# Austin TX -Want to meet at a park and sketch ?



## ShawnB (Dec 25, 2012)

I'm thinking this sort of thing would be perfect. Meet at a park in a central location that we can all get to by bus, or a by bike. 
( I hate buses ! )

No rowdy crowds of people. No pressure to order food like at a restaurant, and absolutely no pressure to make empty conversation - just sketch away !

We don't have to even sit at the same table. We could each sketch something completely different.

Not an artist ? No problem. No one is there to criticize your art anyway.

Anyone interested ?

Think of this as baby steps. This is the first step. 
Giving an online speech in front of around 280+ plus is next. 

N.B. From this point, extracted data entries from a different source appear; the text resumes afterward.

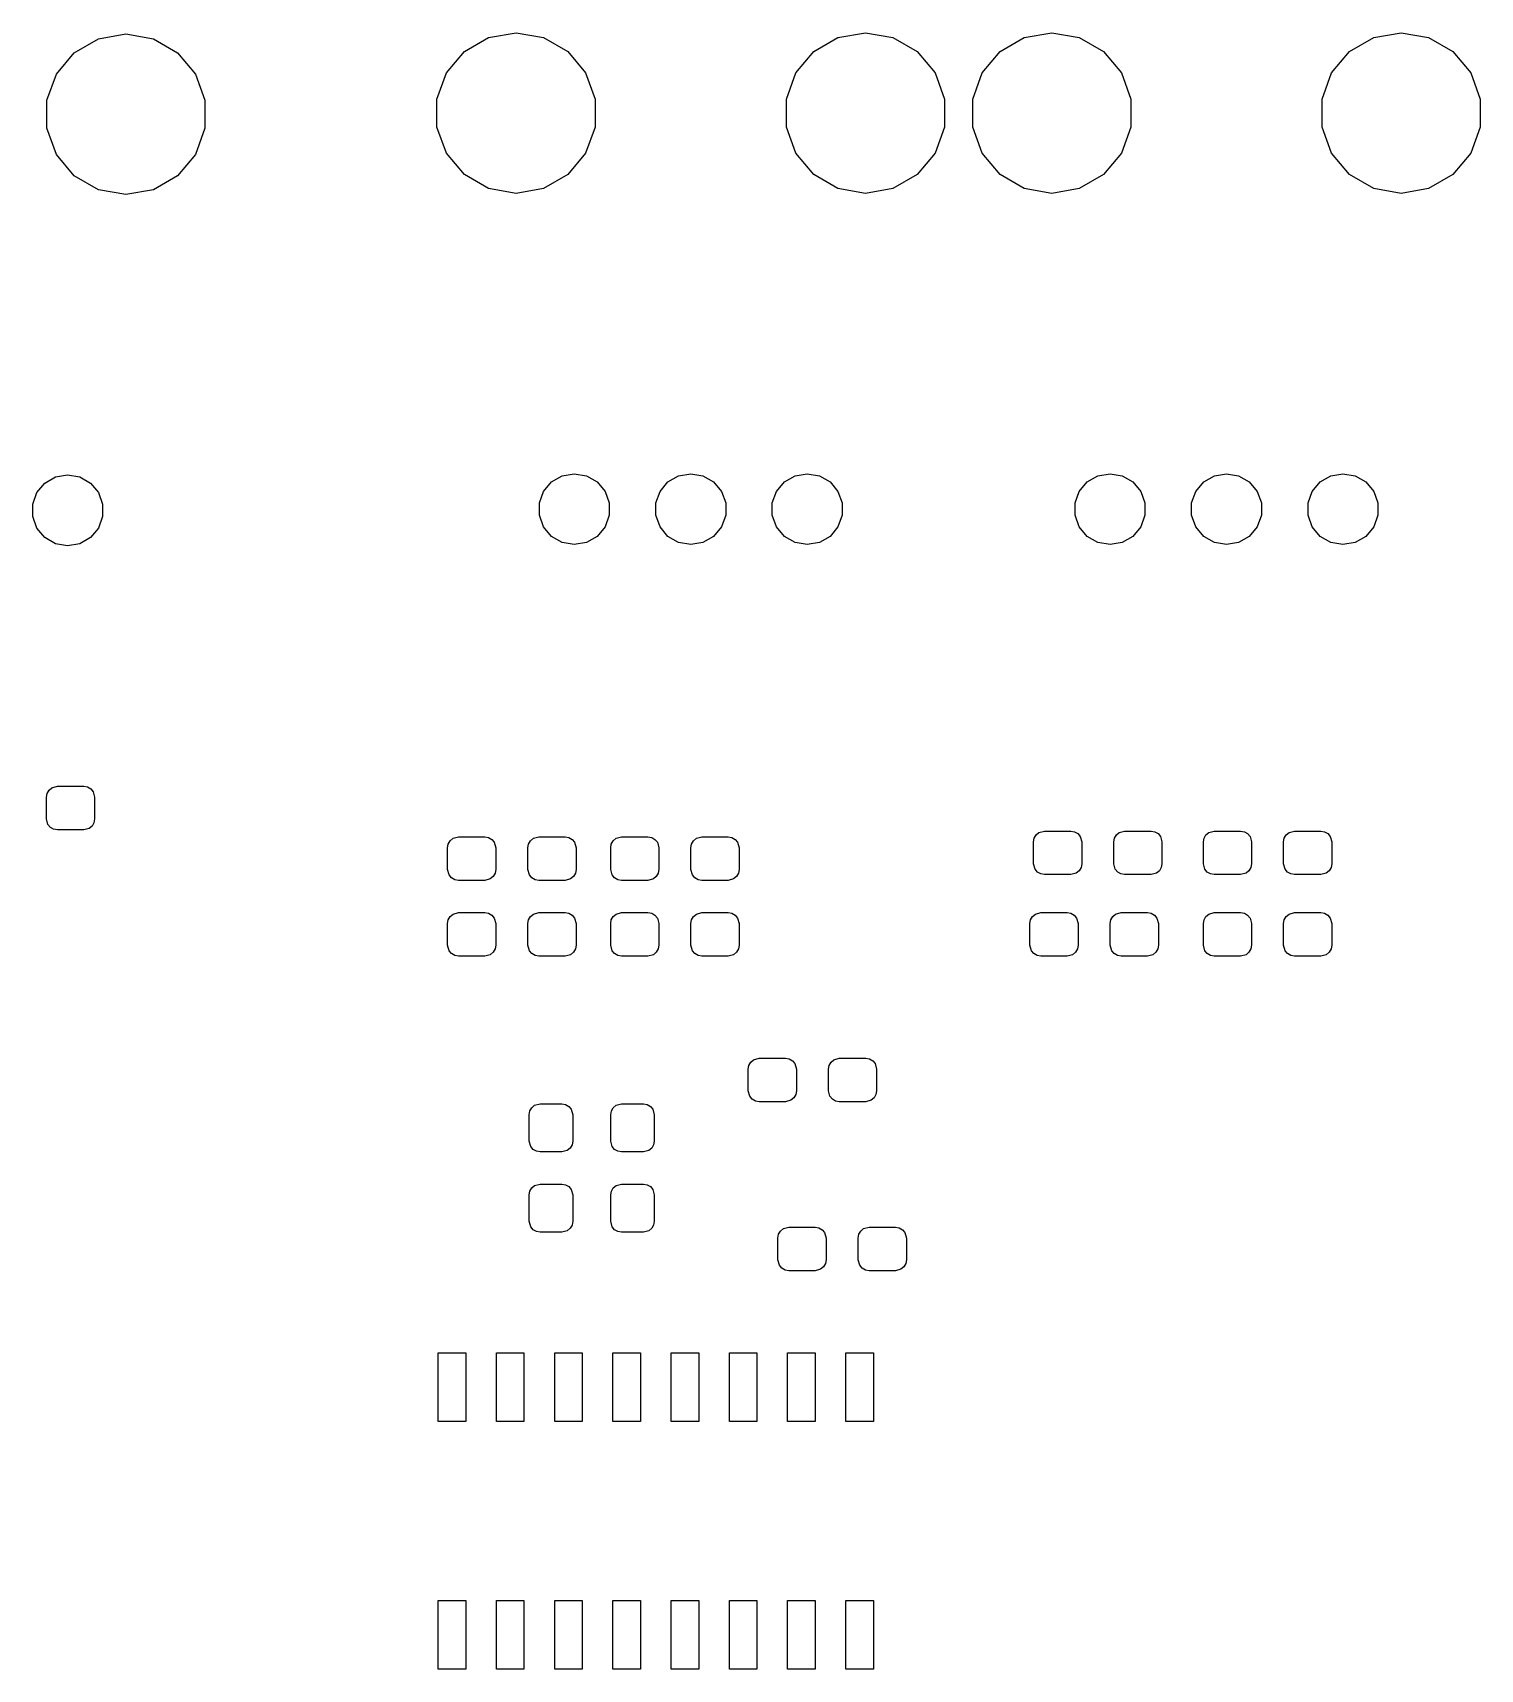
# Model space of a CAD drawing. Extents: x 121 to 245, y -123 to -53.
# Drawn here: x 213.49 to 245.06, y -88.54 to -52.86 of the extents above; entities that cross this region are included whole.
import ezdxf

# ---------------------------------------------------------------- set-up
doc = ezdxf.new("R2010")
doc.units = 0
doc.header["$MEASUREMENT"] = 0
doc.layers.add('BLACK', color=7, linetype='CONTINUOUS')

msp = doc.modelspace()

# ---------------------------------------------------------------- linework, layer by layer
at = {"layer": 'BLACK', "linetype": 'CONTINUOUS'}
for p, q in [((214.393, -53.2936), (214.92, -52.9894)), ((214.92, -52.9894), (215.519, -52.8838)), ((215.519, -52.8838), (216.118, -52.9894)), ((216.118, -52.9894), (216.645, -53.2936)), ((222.902, -53.2682), (223.429, -52.964)), ((223.429, -52.964), (224.028, -52.8584)), ((224.028, -52.8584), (224.627, -52.964)), ((224.627, -52.964), (225.154, -53.2682)), ((230.522, -53.2682), (231.049, -52.964)), ((231.049, -52.964), (231.648, -52.8584)), ((231.648, -52.8584), (232.247, -52.964)), ((232.247, -52.964), (232.774, -53.2682)), ((234.586, -53.2682), (235.113, -52.964)), ((235.113, -52.964), (235.712, -52.8584)), ((235.712, -52.8584), (236.311, -52.964)), ((236.311, -52.964), (236.838, -53.2682)), ((242.206, -53.2682), (242.733, -52.964)), ((242.733, -52.964), (243.332, -52.8584)), ((243.332, -52.8584), (243.931, -52.964)), ((243.931, -52.964), (244.458, -53.2682)), ((214.002, -53.7596), (214.393, -53.2936)), ((216.645, -53.2936), (217.036, -53.7596)), ((222.511, -53.7342), (222.902, -53.2682)), ((225.154, -53.2682), (225.545, -53.7342)), ((230.131, -53.7342), (230.522, -53.2682)), ((232.774, -53.2682), (233.165, -53.7342)), ((234.195, -53.7342), (234.586, -53.2682)), ((236.838, -53.2682), (237.229, -53.7342)), ((241.815, -53.7342), (242.206, -53.2682)), ((244.458, -53.2682), (244.849, -53.7342)), ((213.794, -54.3312), (214.002, -53.7596)), ((217.036, -53.7596), (217.244, -54.3312)), ((222.303, -54.3058), (222.511, -53.7342)), ((225.545, -53.7342), (225.753, -54.3058)), ((229.923, -54.3058), (230.131, -53.7342)), ((233.165, -53.7342), (233.373, -54.3058)), ((233.987, -54.3058), (234.195, -53.7342)), ((237.229, -53.7342), (237.437, -54.3058)), ((241.607, -54.3058), (241.815, -53.7342)), ((244.849, -53.7342), (245.057, -54.3058)), ((213.794, -54.9396), (213.794, -54.3312)), ((217.244, -54.3312), (217.244, -54.9396)), ((222.303, -54.9142), (222.303, -54.3058)), ((225.753, -54.3058), (225.753, -54.9142)), ((229.923, -54.9142), (229.923, -54.3058)), ((233.373, -54.3058), (233.373, -54.9142)), ((233.987, -54.9142), (233.987, -54.3058)), ((237.437, -54.3058), (237.437, -54.9142)), ((241.607, -54.9142), (241.607, -54.3058)), ((245.057, -54.3058), (245.057, -54.9142)), ((214.002, -55.5112), (213.794, -54.9396)), ((217.244, -54.9396), (217.036, -55.5112)), ((222.511, -55.4858), (222.303, -54.9142)), ((225.753, -54.9142), (225.545, -55.4858)), ((230.131, -55.4858), (229.923, -54.9142)), ((233.373, -54.9142), (233.165, -55.4858)), ((234.195, -55.4858), (233.987, -54.9142)), ((237.437, -54.9142), (237.229, -55.4858)), ((241.815, -55.4858), (241.607, -54.9142)), ((245.057, -54.9142), (244.849, -55.4858)), ((214.393, -55.9772), (214.002, -55.5112)), ((217.036, -55.5112), (216.645, -55.9772)), ((222.902, -55.9518), (222.511, -55.4858)), ((225.545, -55.4858), (225.154, -55.9518)), ((230.522, -55.9518), (230.131, -55.4858)), ((233.165, -55.4858), (232.774, -55.9518)), ((234.586, -55.9518), (234.195, -55.4858)), ((237.229, -55.4858), (236.838, -55.9518)), ((242.206, -55.9518), (241.815, -55.4858)), ((244.849, -55.4858), (244.458, -55.9518)), ((214.92, -56.2814), (214.393, -55.9772)), ((216.645, -55.9772), (216.118, -56.2814)), ((223.429, -56.256), (222.902, -55.9518)), ((225.154, -55.9518), (224.627, -56.256)), ((231.049, -56.256), (230.522, -55.9518)), ((232.774, -55.9518), (232.247, -56.256)), ((235.113, -56.256), (234.586, -55.9518)), ((236.838, -55.9518), (236.311, -56.256)), ((242.733, -56.256), (242.206, -55.9518)), ((244.458, -55.9518), (243.931, -56.256)), ((215.519, -56.387), (214.92, -56.2814)), ((216.118, -56.2814), (215.519, -56.387)), ((224.028, -56.3616), (223.429, -56.256)), ((224.627, -56.256), (224.028, -56.3616)), ((231.648, -56.3616), (231.049, -56.256)), ((232.247, -56.256), (231.648, -56.3616)), ((235.712, -56.3616), (235.113, -56.256)), ((236.311, -56.256), (235.712, -56.3616)), ((243.332, -56.3616), (242.733, -56.256)), ((243.931, -56.256), (243.332, -56.3616)), ((213.579, -62.8845), (213.752, -62.6787)), ((213.752, -62.6787), (213.984, -62.5443)), ((213.984, -62.5443), (214.249, -62.4976)), ((214.249, -62.4976), (214.514, -62.5443)), ((214.514, -62.5443), (214.746, -62.6787)), ((214.746, -62.6787), (214.919, -62.8845)), ((224.628, -62.8591), (224.801, -62.6533)), ((224.801, -62.6533), (225.033, -62.5189)), ((225.033, -62.5189), (225.298, -62.4722)), ((225.298, -62.4722), (225.563, -62.5189)), ((225.563, -62.5189), (225.795, -62.6533)), ((225.795, -62.6533), (225.968, -62.8591)), ((227.168, -62.8591), (227.341, -62.6533)), ((227.341, -62.6533), (227.573, -62.5189)), ((227.573, -62.5189), (227.838, -62.4722)), ((227.838, -62.4722), (228.103, -62.5189)), ((228.103, -62.5189), (228.335, -62.6533)), ((228.335, -62.6533), (228.508, -62.8591)), ((229.708, -62.8591), (229.881, -62.6533)), ((229.881, -62.6533), (230.113, -62.5189)), ((230.113, -62.5189), (230.378, -62.4722)), ((230.378, -62.4722), (230.643, -62.5189)), ((230.643, -62.5189), (230.875, -62.6533)), ((230.875, -62.6533), (231.048, -62.8591)), ((236.312, -62.8591), (236.485, -62.6533)), ((236.485, -62.6533), (236.717, -62.5189)), ((236.717, -62.5189), (236.982, -62.4722)), ((236.982, -62.4722), (237.247, -62.5189)), ((237.247, -62.5189), (237.479, -62.6533)), ((237.479, -62.6533), (237.652, -62.8591)), ((238.852, -62.8591), (239.025, -62.6533)), ((239.025, -62.6533), (239.257, -62.5189)), ((239.257, -62.5189), (239.522, -62.4722)), ((239.522, -62.4722), (239.787, -62.5189)), ((239.787, -62.5189), (240.019, -62.6533)), ((240.019, -62.6533), (240.192, -62.8591)), ((241.392, -62.8591), (241.565, -62.6533)), ((241.565, -62.6533), (241.797, -62.5189)), ((241.797, -62.5189), (242.062, -62.4722)), ((242.062, -62.4722), (242.327, -62.5189)), ((242.327, -62.5189), (242.559, -62.6533)), ((242.559, -62.6533), (242.732, -62.8591)), ((213.487, -63.137), (213.579, -62.8845)), ((213.487, -63.4058), (213.487, -63.137)), ((214.919, -62.8845), (215.011, -63.137)), ((215.011, -63.137), (215.011, -63.4058)), ((224.536, -63.1116), (224.628, -62.8591)), ((224.536, -63.3804), (224.536, -63.1116)), ((225.968, -62.8591), (226.06, -63.1116)), ((226.06, -63.1116), (226.06, -63.3804)), ((227.076, -63.1116), (227.168, -62.8591)), ((227.076, -63.3804), (227.076, -63.1116)), ((228.508, -62.8591), (228.6, -63.1116)), ((228.6, -63.1116), (228.6, -63.3804)), ((229.616, -63.1116), (229.708, -62.8591)), ((229.616, -63.3804), (229.616, -63.1116)), ((231.048, -62.8591), (231.14, -63.1116)), ((231.14, -63.1116), (231.14, -63.3804)), ((236.22, -63.1116), (236.312, -62.8591)), ((236.22, -63.3804), (236.22, -63.1116)), ((237.652, -62.8591), (237.744, -63.1116)), ((237.744, -63.1116), (237.744, -63.3804)), ((238.76, -63.1116), (238.852, -62.8591)), ((238.76, -63.3804), (238.76, -63.1116)), ((240.192, -62.8591), (240.284, -63.1116)), ((240.284, -63.1116), (240.284, -63.3804)), ((241.3, -63.1116), (241.392, -62.8591)), ((241.3, -63.3804), (241.3, -63.1116)), ((242.732, -62.8591), (242.824, -63.1116)), ((242.824, -63.1116), (242.824, -63.3804)), ((213.579, -63.6583), (213.487, -63.4058)), ((215.011, -63.4058), (214.919, -63.6583)), ((224.628, -63.6329), (224.536, -63.3804)), ((226.06, -63.3804), (225.968, -63.6329)), ((227.168, -63.6329), (227.076, -63.3804)), ((228.6, -63.3804), (228.508, -63.6329)), ((229.708, -63.6329), (229.616, -63.3804)), ((231.14, -63.3804), (231.048, -63.6329)), ((236.312, -63.6329), (236.22, -63.3804)), ((237.744, -63.3804), (237.652, -63.6329)), ((238.852, -63.6329), (238.76, -63.3804)), ((240.284, -63.3804), (240.192, -63.6329)), ((241.392, -63.6329), (241.3, -63.3804)), ((242.824, -63.3804), (242.732, -63.6329)), ((213.752, -63.8641), (213.579, -63.6583)), ((213.984, -63.9985), (213.752, -63.8641)), ((214.746, -63.8641), (214.514, -63.9985)), ((214.919, -63.6583), (214.746, -63.8641)), ((224.801, -63.8387), (224.628, -63.6329)), ((225.033, -63.9731), (224.801, -63.8387)), ((225.795, -63.8387), (225.563, -63.9731)), ((225.968, -63.6329), (225.795, -63.8387)), ((227.341, -63.8387), (227.168, -63.6329)), ((227.573, -63.9731), (227.341, -63.8387)), ((228.335, -63.8387), (228.103, -63.9731)), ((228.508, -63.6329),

We could call ourselves the *A*ustin *A*rea *A*goraphobic *A*rtists *A*ssociation or 'A5'

How nerdy is that, right ?


----------



## ShawnB (Dec 25, 2012)

Wow - that fizzled.


----------



## ShawnB (Dec 25, 2012)

Went down like a lead zeppelin.


----------



## ShawnB (Dec 25, 2012)

Fizzzzzle


----------



## DragnoticChaos4231 (Oct 10, 2012)

I would meet up with you,but sadly I live in Houston-also I'm too young and my parents wouldn't let me hang out with someone they don't know _-_ Wish I could though dude-would enjoy doing that with you


----------



## Ineko (Jan 5, 2014)

I know this is late, but i think this fizzled cause not many probably come to this sub.
Maybe try posting on reddits austinsocialanxiety sub or make a meetup.com group?


----------